WORK INSTRUCTION: In the entries that follow, find every line containing "schematic" and copy it.

SOURCE INFORMATION below:

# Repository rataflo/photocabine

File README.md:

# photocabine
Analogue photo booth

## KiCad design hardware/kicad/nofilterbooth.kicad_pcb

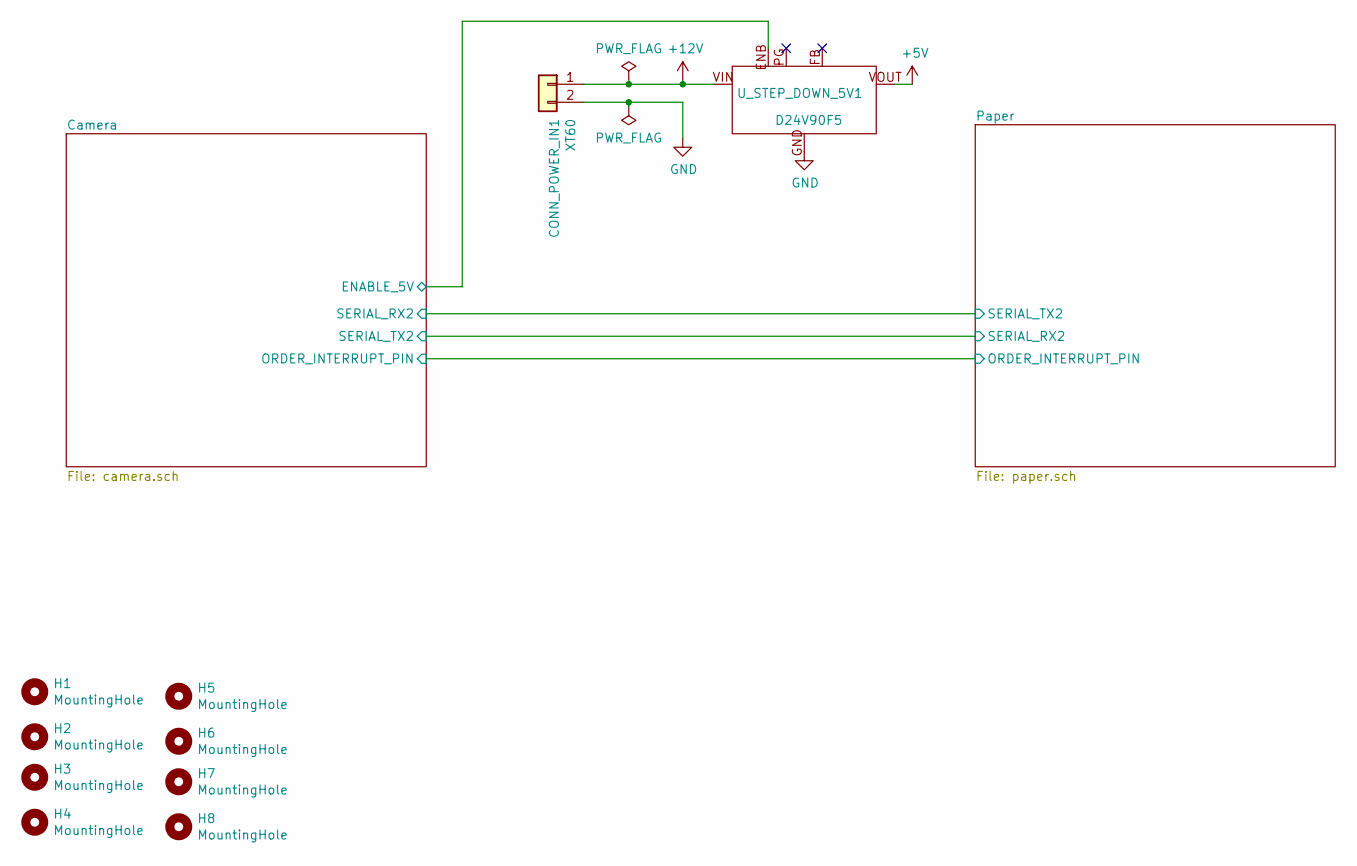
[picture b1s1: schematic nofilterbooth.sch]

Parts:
CONN_POWER_IN1: XT60; AMASS_XT60-F_1x02_P7.20mm_Vertical
H1, H2, H3, H4, H5, H6, H7, H8: MountingHole; MountingHole_3.2mm_M3
U_STEP_DOWN_5V1: D24V90F5

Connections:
+5V: U_STEP_DOWN_5V1.VOUT; also elsewhere on the board
+12V: CONN_POWER_IN1.1, U_STEP_DOWN_5V1.VIN; also elsewhere on the board
/Camera/ENABLE_5V: U_STEP_DOWN_5V1.ENB; also elsewhere on the board
GND: CONN_POWER_IN1.2, U_STEP_DOWN_5V1.GND; also elsewhere on the board

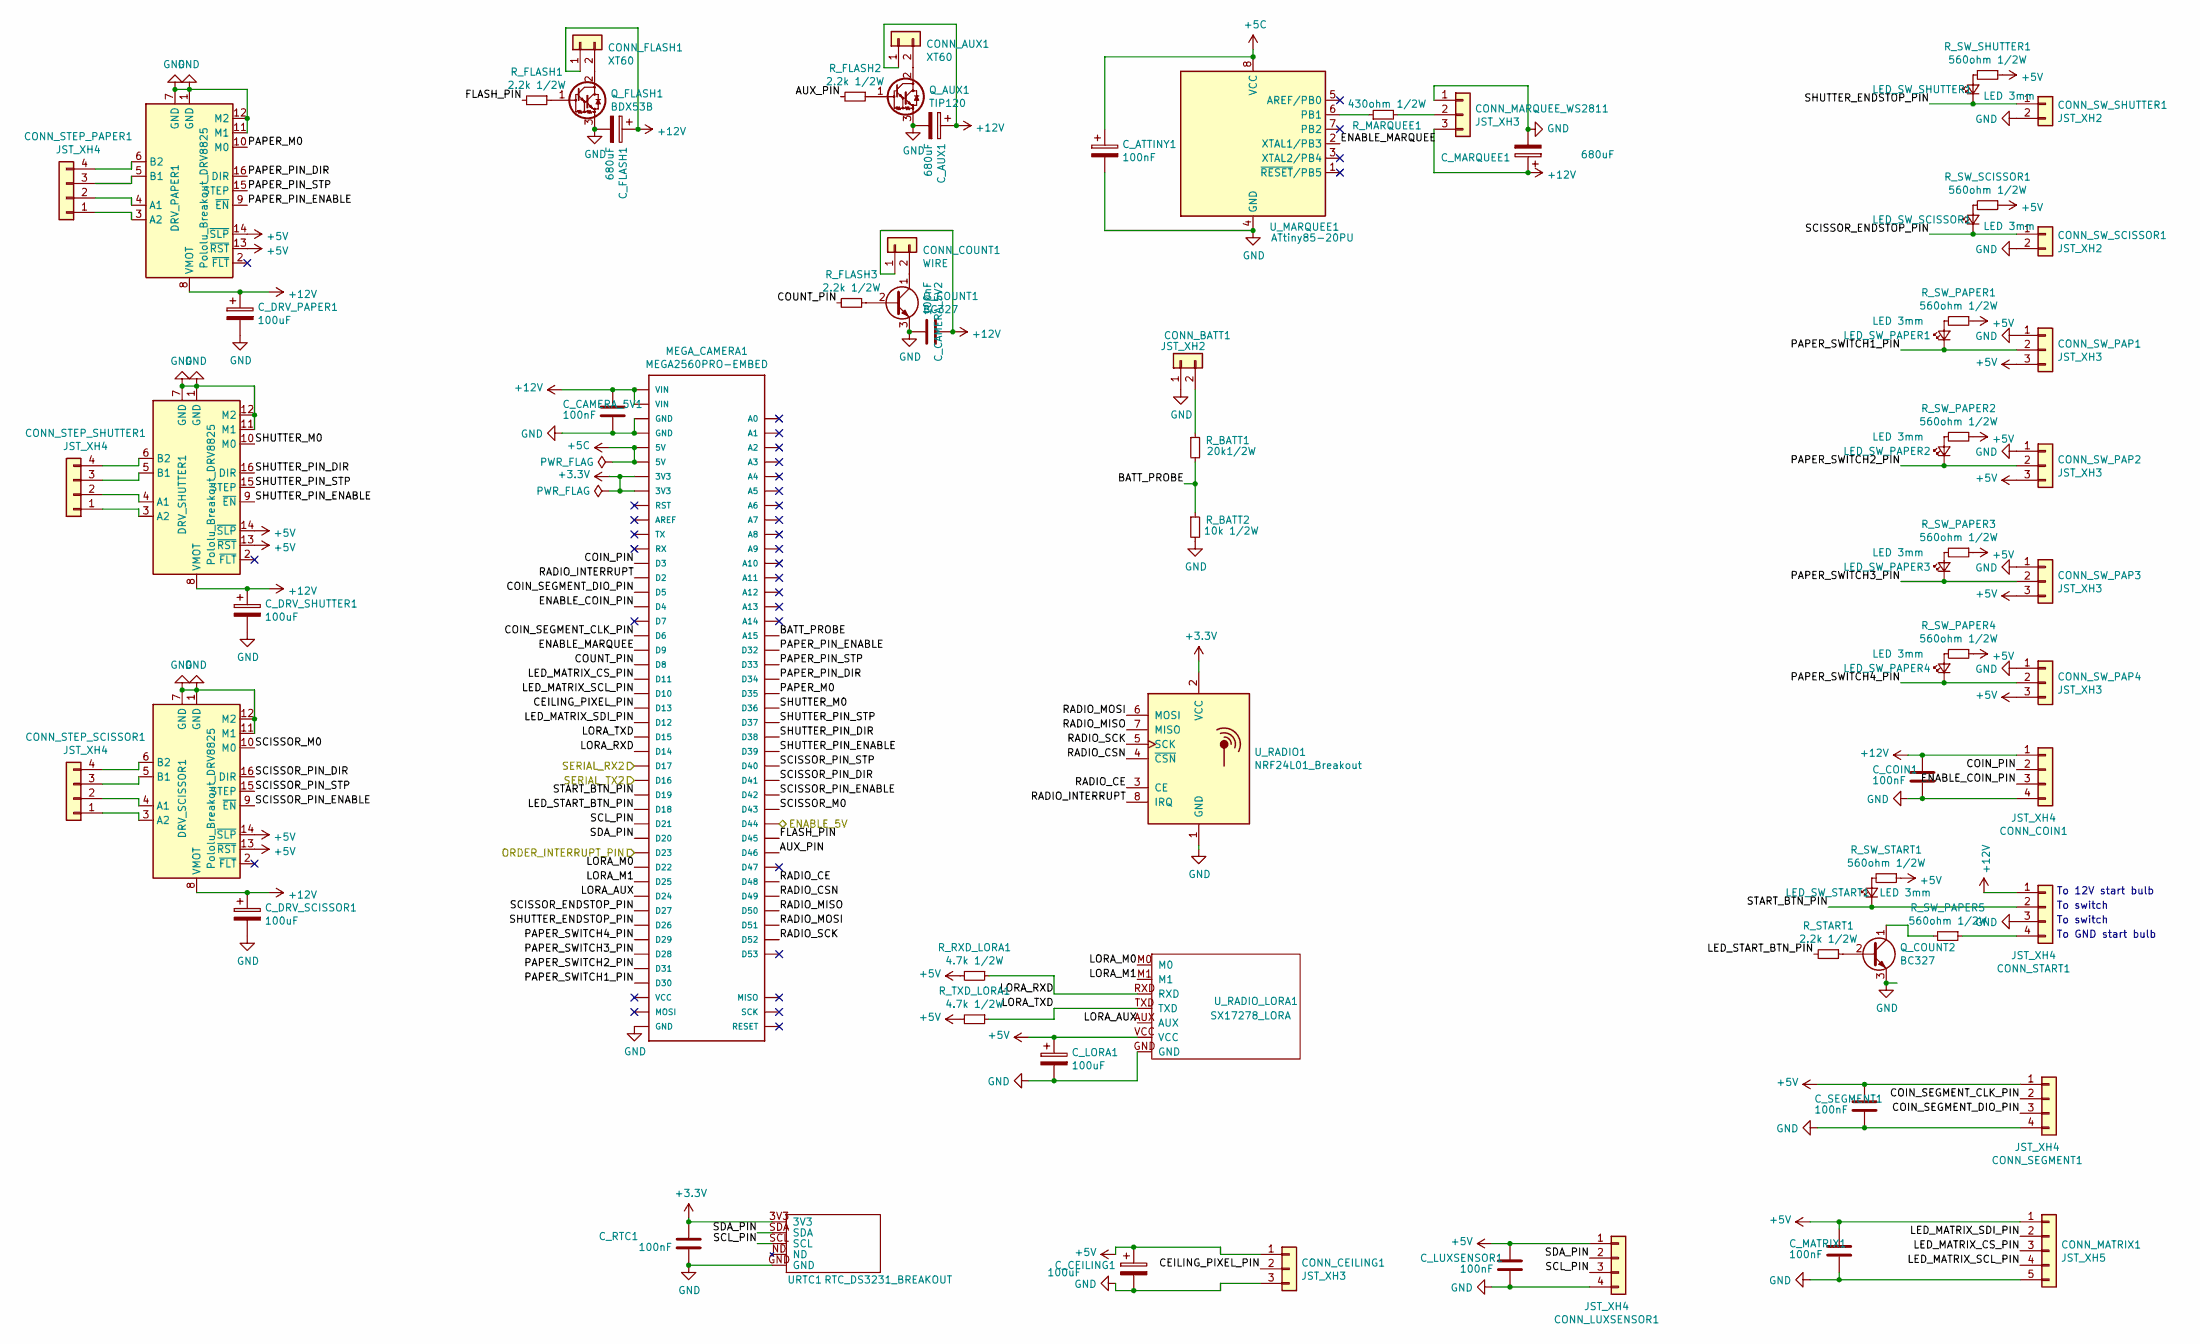
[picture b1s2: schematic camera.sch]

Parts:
CONN_AUX1: XT60; AMASS_XT60-F_1x02_P7.20mm_Vertical
CONN_BATT1: JST_XH2; JST_XH_S2B-XH-A-1_1x02_P2.50mm_Horizontal
CONN_CEILING1: JST_XH3; JST_XH_S3B-XH-A-1_1x03_P2.50mm_Horizontal
CONN_COIN1: JST_XH4; JST_XH_S4B-XH-A-1_1x04_P2.50mm_Horizontal
CONN_COUNT1: WIRE; PinHeader_1x02_P2.54mm_Vertical
CONN_FLASH1: XT60; AMASS_XT60-F_1x02_P7.20mm_Vertical
CONN_LUXSENSOR1: JST_XH4; JST_XH_S4B-XH-A-1_1x04_P2.50mm_Horizontal
CONN_MARQUEE_WS2811: JST_XH3; JST_XH_S3B-XH-A-1_1x03_P2.50mm_Horizontal
CONN_MATRIX1: JST_XH5; JST_XH_S5B-XH-A-1_1x05_P2.50mm_Horizontal
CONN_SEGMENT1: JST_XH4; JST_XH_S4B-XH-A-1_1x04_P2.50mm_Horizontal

End of SOURCE INFORMATION.

EXERCISE RESULT:
[picture b1s1: schematic nofilterbooth.sch]
[picture b1s2: schematic camera.sch]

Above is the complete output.